* _SUPPLIED MATERIAL_
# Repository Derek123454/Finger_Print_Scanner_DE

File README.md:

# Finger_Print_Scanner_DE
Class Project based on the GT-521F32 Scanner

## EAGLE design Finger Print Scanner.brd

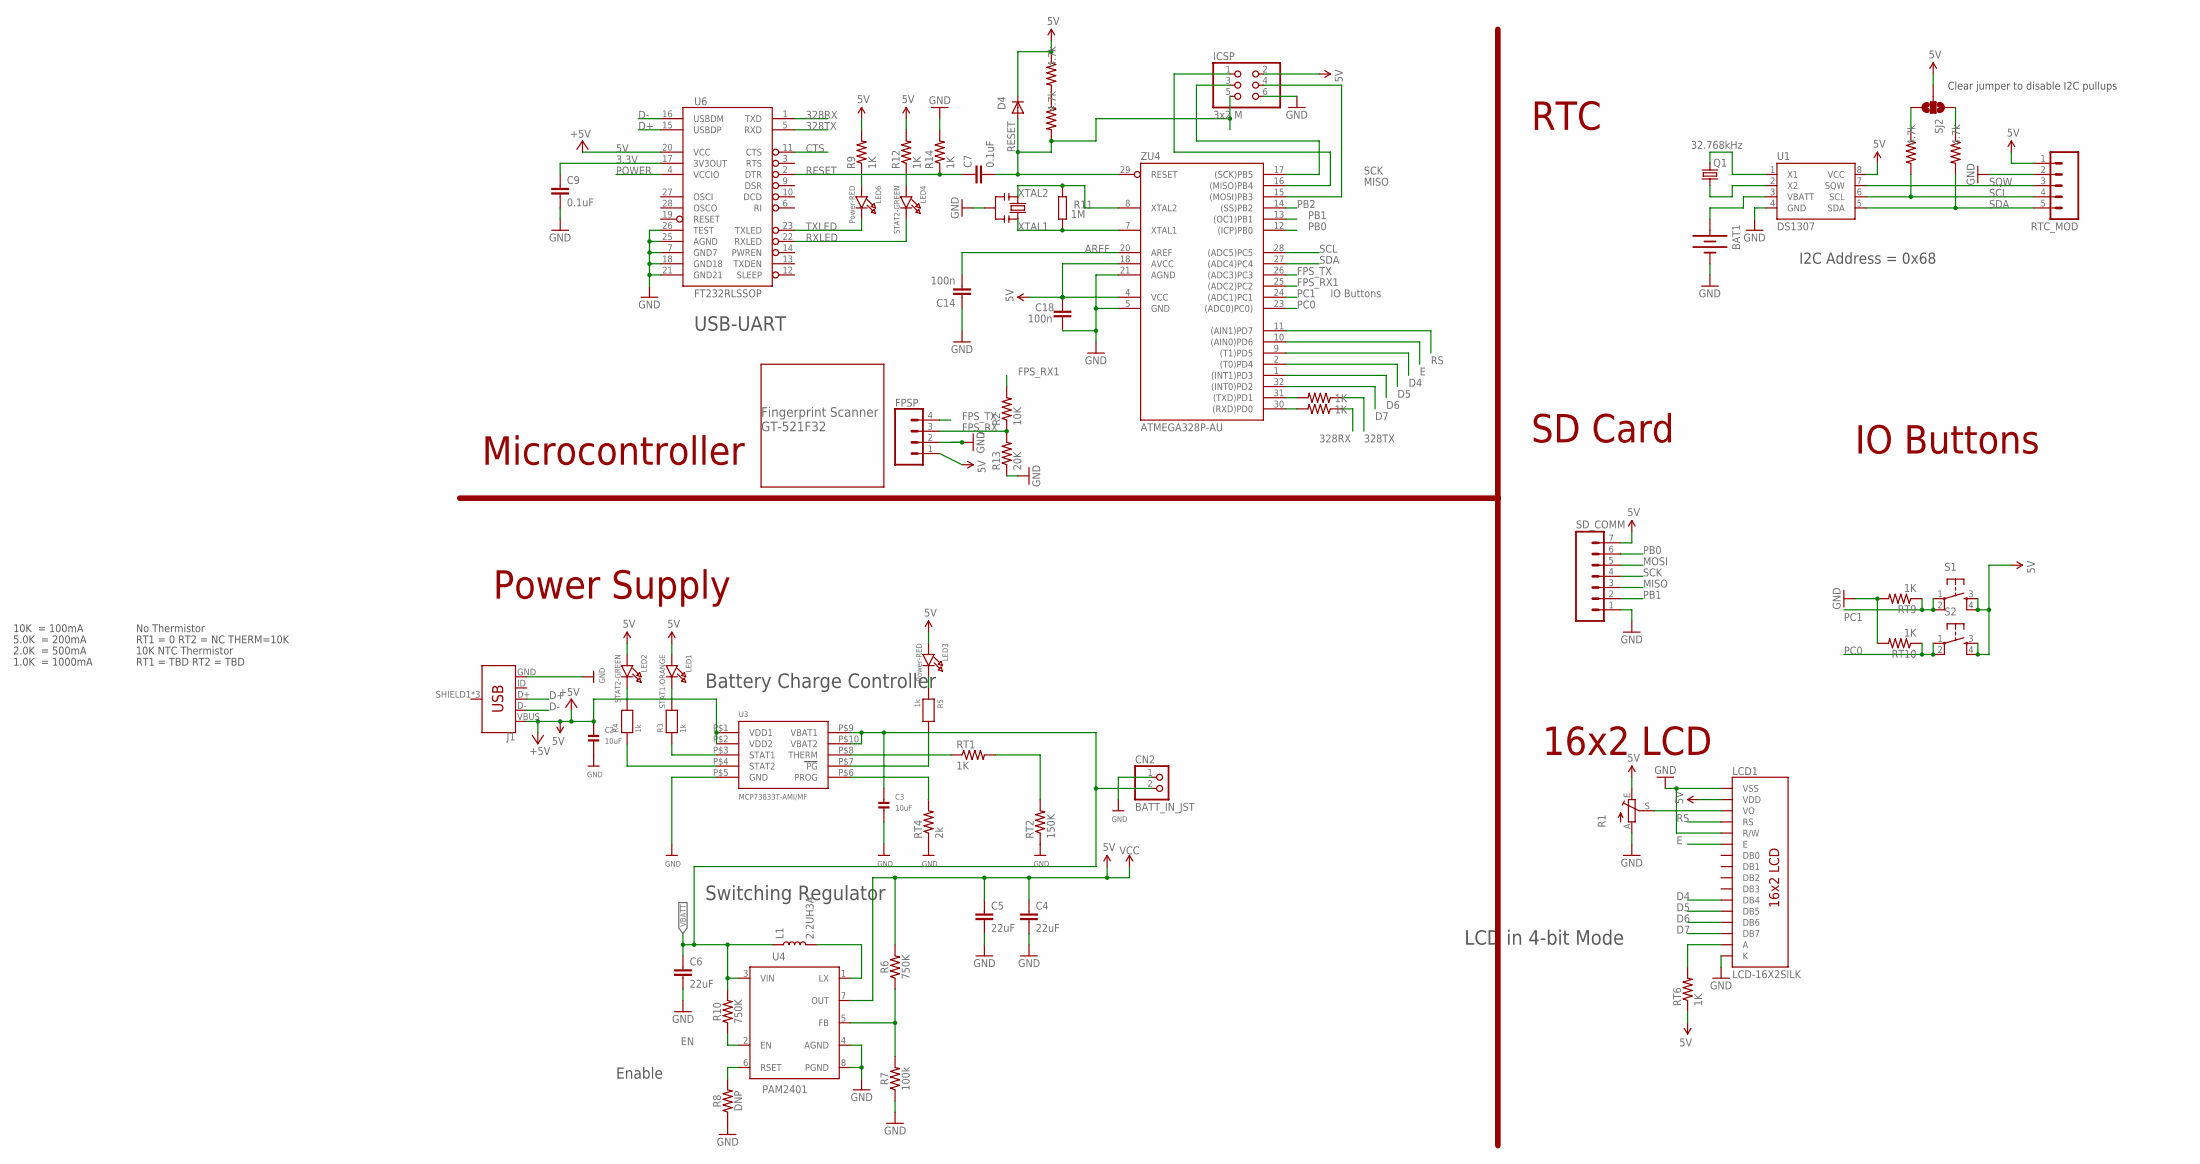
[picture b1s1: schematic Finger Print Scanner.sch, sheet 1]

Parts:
BAT1: BATTERY12PTH; BATTCON_12MM_PTH
C2, C3: 10uF; 0805
C4, C5, C6: 22uF; 0805
C7, C9: 0.1uF; 0805
C14, C18: 100n; C0805
CN2: BATT_IN_JST; JSTPH2
D4: DIODE-MINIMELF; MINIMELF
FPSP: CONN_04; 1X04
ICSP: 3x2 M; 2X03
J1: USB_MICRO-B_FEMALE-SMT; USB-B-MICRO-SMD
L1: 2.2UH3A; INDUCTOR_4X4MM
LCD1: LCD-16X2SILK; LCD-16X2
LED1: STAT1-ORANGE; CHIPLED_0805
LED2, LED4: STAT2-GREEN; CHIPLED_0805
LED3, LED6: Power-RED; CHIPLED_0805
Q1: 32.768kHz; CRYSTAL-32KHZ-SMD
R1: TRIM_EU-CA6V; CA6V
R2: 10K; 0805
R3, R4, R5: 1k; 0805
R6, R10: 750K; 0603
R7: 100k; 0603
R8: DNP; 0603
R9, R12, R14: 1K; 0805
R11: 1M; R0805
R13: 20K; 0805
RT1, RT6, RT9, RT10, RT11, RT12: 1K; R0805
RT2: 150K; R0805
RT4: 2k; R0805
RT13, RT14, RT15, RT16: 4.7k; R0805
RTC_MOD: M05PTH; 1X05
S1, S2: TAC_SWITCHPTH; TACTILE-PTH
SD_COMM: M07; 1X07
SJ2: SOLDERJUMPER_2WAYPASTE1&2&3; SJ_3_PASTE1&2&3
U1: DS1307; SO08-TIGHT
U3: MCP73833T-AMI/MF; DFN10_3X3MM
U4: PAM2401; MSOP8
U6: FT232RLSSOP; SSOP28DB
U$1: GT-521F32
Y2: RESONATORMU; RESONATOR
ZU4: ATMEGA328P-AU; TQFP32-08

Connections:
3.3V: C9.1, U6.17 (3V3OUT)
5V: C2.1, C4.1, C5.1, C18.2, D4.C, FPSP.1, ICSP.2, J1.VBUS, LCD1.2 (VDD), LED1.A, LED2.A, LED3.A, R1.E, R6.2, R9.2, R12.2, RT6.1, RT16.1, RTC_MOD.1, S1.3, S1.4, S2.3, S2.4, SD_COMM.7, SJ2.2, U1.8 (VCC), U3.P$1 (VDD1), U3.P$2 (VDD2), U4.7 (OUT), U6.20 (VCC), ZU4.4 (VCC), ZU4.18 (AVCC); also elsewhere on the board
328RX: RT11.1, U6.1 (TXD)
328RXI: RT11.2, ZU4.30 ((RXD)PD0)
328TX: RT12.1, U6.5 (RXD)
328TXI: RT12.2, ZU4.31 ((TXD)PD1)
AREF: C14.2, ZU4.20 (AREF)
CTS: U6.11 (CTS)
D4: LCD1.11 (DB4), ZU4.9 ((T1)PD5)
D5: LCD1.12 (DB5), ZU4.2 ((T0)PD4)
D6: LCD1.13 (DB6), ZU4.1 ((INT1)PD3)
D7: LCD1.14 (DB7), ZU4.32 ((INT0)PD2)
D+: J1.D+, U6.15 (USBDP)
D-: J1.D-, U6.16 (USBDM)
E: LCD1.6 (E), ZU4.10 ((AIN0)PD6)
EN: R10.1, U4.2 (EN)
FPS_RX: FPSP.3, R2.1, R13.2
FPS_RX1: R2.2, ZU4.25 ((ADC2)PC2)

* _EXERCISE OBJECTIVE_
The response should hold exactly the lines starting at the line with "J1: USB_MICRO-B_FEMALE-SMT; USB-B-MICRO-SMD" and ending at the line with "3.3V: C9.1, U6.17 (3V3OUT)", and no other line of the material above.

* _RESPONSE TO THE TASK_
J1: USB_MICRO-B_FEMALE-SMT; USB-B-MICRO-SMD
L1: 2.2UH3A; INDUCTOR_4X4MM
LCD1: LCD-16X2SILK; LCD-16X2
LED1: STAT1-ORANGE; CHIPLED_0805
LED2, LED4: STAT2-GREEN; CHIPLED_0805
LED3, LED6: Power-RED; CHIPLED_0805
Q1: 32.768kHz; CRYSTAL-32KHZ-SMD
R1: TRIM_EU-CA6V; CA6V
R2: 10K; 0805
R3, R4, R5: 1k; 0805
R6, R10: 750K; 0603
R7: 100k; 0603
R8: DNP; 0603
R9, R12, R14: 1K; 0805
R11: 1M; R0805
R13: 20K; 0805
RT1, RT6, RT9, RT10, RT11, RT12: 1K; R0805
RT2: 150K; R0805
RT4: 2k; R0805
RT13, RT14, RT15, RT16: 4.7k; R0805
RTC_MOD: M05PTH; 1X05
S1, S2: TAC_SWITCHPTH; TACTILE-PTH
SD_COMM: M07; 1X07
SJ2: SOLDERJUMPER_2WAYPASTE1&2&3; SJ_3_PASTE1&2&3
U1: DS1307; SO08-TIGHT
U3: MCP73833T-AMI/MF; DFN10_3X3MM
U4: PAM2401; MSOP8
U6: FT232RLSSOP; SSOP28DB
U$1: GT-521F32
Y2: RESONATORMU; RESONATOR
ZU4: ATMEGA328P-AU; TQFP32-08

Connections:
3.3V: C9.1, U6.17 (3V3OUT)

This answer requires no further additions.